Kevin P. RiceDagger §, Aimee L. EgglerDagger , Patrick Sung, and Michael M. CoxDagger ||

From the Dagger  Department of Biochemistry, University of Wisconsin, Madison, Wisconsin 53706 and the  Department of Molecular Medicine, University of Texas Health Sciences Center, San Antonio, Texas 78245

The bacterial RecA protein and the homologous Rad51 protein in eukaryotes both bind to single-stranded DNA (ssDNA), align it with a homologous duplex, and promote an extensive strand exchange between them. Both reactions have properties, including a tolerance of base analog substitutions that tend to eliminate major groove hydrogen bonding potential, that suggest a common molecular process underlies the DNA strand exchange promoted by RecA and Rad51. However, optimal conditions for the DNA pairing and DNA strand exchange reactions promoted by the RecA and Rad51 proteins in vitro are substantially different. When conditions are optimized independently for both proteins, RecA promotes DNA pairing reactions with short oligonucleotides at a faster rate than Rad51. For both proteins, conditions that improve DNA pairing can inhibit extensive DNA strand exchange reactions in the absence of ATP hydrolysis. Extensive strand exchange requires a spooling of duplex DNA into a recombinase-ssDNA complex, a process that can be halted by any interaction elsewhere on the same duplex that restricts free rotation of the duplex and/or complex, I.e. the reaction can get stuck. Optimization of an extensive DNA strand exchange without ATP hydrolysis requires conditions that decrease nonproductive interactions of recombinase-ssDNA complexes with the duplex DNA substrate.

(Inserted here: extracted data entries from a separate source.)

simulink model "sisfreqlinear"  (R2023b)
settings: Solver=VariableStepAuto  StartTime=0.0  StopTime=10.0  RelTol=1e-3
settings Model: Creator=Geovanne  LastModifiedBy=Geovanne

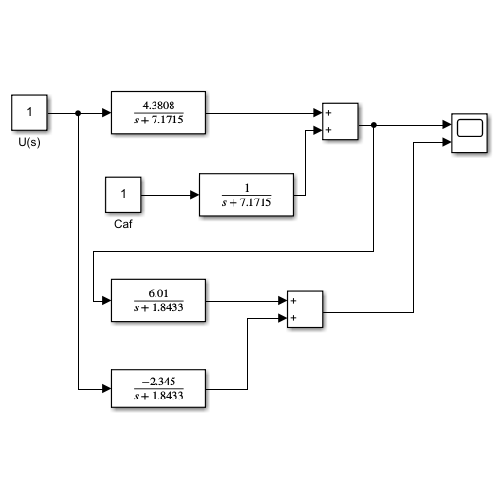
[thumbnail: Simulink's stored preview of the top-level diagram]
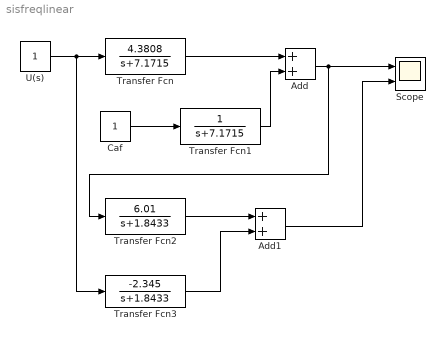
== system sisfreqlinear ==
  Add : Sum
  Add1 : Sum
  Caf : Constant
  Scope : Scope  NumInputPorts=2
  Transfer Fcn : TransferFcn  Numerator=[4.3808]  Denominator=[1 7.1715]
  Transfer Fcn1 : TransferFcn  Denominator=[1 7.1715]
  Transfer Fcn2 : TransferFcn  Numerator=[6.01]  Denominator=[1 1.8433]
  Transfer Fcn3 : TransferFcn  Numerator=[-2.345]  Denominator=[1 1.8433]
  U(s) : Constant
  wires:
  Transfer Fcn/1 -> Add/1
  U(s)/1 -> Transfer Fcn3/1, Transfer Fcn/1
  Transfer Fcn2/1 -> Add1/1
  Transfer Fcn3/1 -> Add1/2
  Transfer Fcn1/1 -> Add/2
  Add/1 -> Transfer Fcn2/1, Scope/1
  Add1/1 -> Scope/2
  Caf/1 -> Transfer Fcn1/1
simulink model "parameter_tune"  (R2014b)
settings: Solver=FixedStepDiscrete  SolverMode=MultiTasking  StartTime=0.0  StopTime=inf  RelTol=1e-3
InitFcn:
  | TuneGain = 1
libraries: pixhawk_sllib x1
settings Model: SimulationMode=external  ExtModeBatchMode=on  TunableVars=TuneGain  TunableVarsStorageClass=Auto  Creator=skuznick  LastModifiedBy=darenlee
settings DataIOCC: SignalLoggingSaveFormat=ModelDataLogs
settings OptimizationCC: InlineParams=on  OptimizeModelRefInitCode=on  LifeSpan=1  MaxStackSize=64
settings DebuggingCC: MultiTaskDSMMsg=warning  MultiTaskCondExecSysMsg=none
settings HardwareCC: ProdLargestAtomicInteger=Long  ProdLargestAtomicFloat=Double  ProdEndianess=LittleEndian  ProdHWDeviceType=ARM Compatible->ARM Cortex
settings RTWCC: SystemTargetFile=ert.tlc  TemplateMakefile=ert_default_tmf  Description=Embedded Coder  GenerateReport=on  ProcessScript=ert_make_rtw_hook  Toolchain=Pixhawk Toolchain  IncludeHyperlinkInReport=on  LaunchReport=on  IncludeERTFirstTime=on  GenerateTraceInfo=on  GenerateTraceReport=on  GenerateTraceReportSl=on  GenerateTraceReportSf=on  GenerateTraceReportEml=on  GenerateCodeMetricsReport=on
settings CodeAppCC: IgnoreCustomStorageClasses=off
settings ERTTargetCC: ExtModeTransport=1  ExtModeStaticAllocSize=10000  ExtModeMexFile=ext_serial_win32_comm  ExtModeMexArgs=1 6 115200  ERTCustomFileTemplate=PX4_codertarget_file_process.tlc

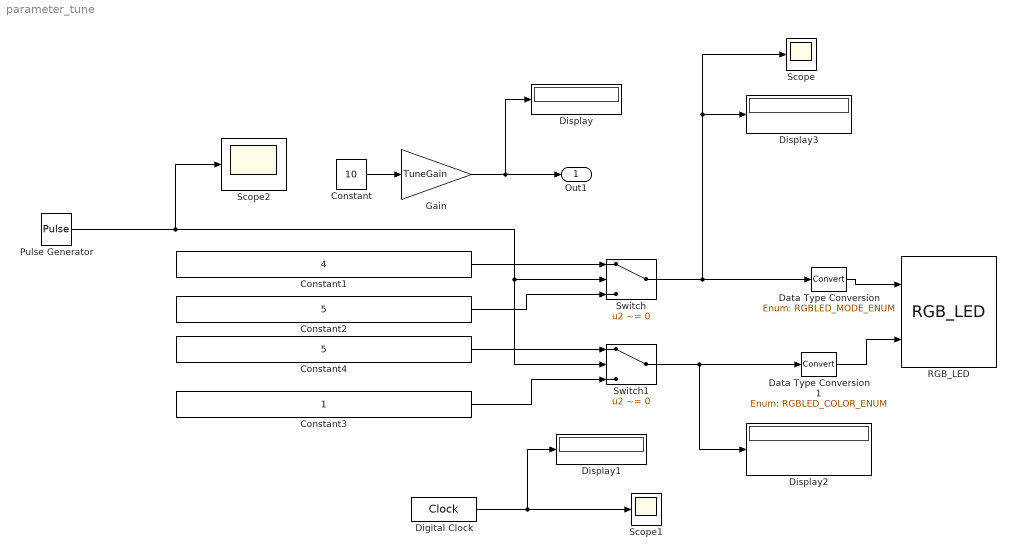
== system parameter_tune ==
  Constant : Constant  Value=10  SampleTime=0.1
  Constant1 : Constant  Value=4  OutDataTypeStr=int8
  Constant2 : Constant  Value=5  OutDataTypeStr=int8
  Constant3 : Constant  OutDataTypeStr=int8
  Constant4 : Constant  Value=5  OutDataTypeStr=int8
  Data Type Conversion : DataTypeConversion  OutDataTypeStr=Enum: RGBLED_MODE_ENUM
  Data Type Conversion1 : DataTypeConversion  OutDataTypeStr=Enum: RGBLED_COLOR_ENUM
  Digital Clock : DigitalClock  SampleTime=0.1
  Display{,1..3} (4 alike) : Display
  Gain : Gain  Gain=TuneGain
  Pulse Generator : DiscretePulseGenerator  PulseType=Time based  Period=6  PulseWidth=50
  RGB_LED : pixhawk_sllib/RGB_LED
  Scope : Scope
      settings: YMin=0  YMax=1
  Scope1 : Scope
      settings: YMin=9  YMax=18
  Scope2 : Scope
      settings: YMin=-0  YMax=2  SaveName=ScopeData2
  Switch : Switch  Criteria=u2 ~= 0  Threshold=1500
  Switch1 : Switch  Criteria=u2 ~= 0  Threshold=1500
  Out1 : Outport
  wires:
  Constant/1 -> Gain/1
  Gain/1 -> Display/1, Out1/1
  Switch/1 -> Scope/1, Display3/1, Data Type Conversion/1
  Switch1/1 -> Display2/1, Data Type Conversion1/1
  Constant1/1 -> Switch/1
  Constant2/1 -> Switch/3
  Constant4/1 -> Switch1/1
  Constant3/1 -> Switch1/3
  Pulse Generator/1 -> Scope2/1, Switch1/2, Switch/2
  Digital Clock/1 -> Display1/1, Scope1/1
  Data Type Conversion/1 -> RGB_LED/1
  Data Type Conversion1/1 -> RGB_LED/2

* This work was supported by NIGMS Grant GM32335 (to M. M. C.) and NIEHS Grant ES07061 (to P. S.) from National Institutes of Health.The costs of publication of this article were defrayed in part by the payment of page charges. The article must therefore be hereby marked "advertisement" in accordance with 18 U.S.C. Section 1734 solely to indicate this fact.

§ Present address: Dept. of Chemistry, Yale University, New Haven, CT 06520.

|| To whom correspondence should be addressed: Dept. of Biochemistry, University of Wisconsin, 433 Babcock Dr., Madison, WI 53706-1544. Tel.: 608-262-1181; Fax: 608-265-2603; Email: cox@biochem.wisc.edu.


Copyright © 2001 by The American Society for Biochemistry and Molecular Biology, Inc.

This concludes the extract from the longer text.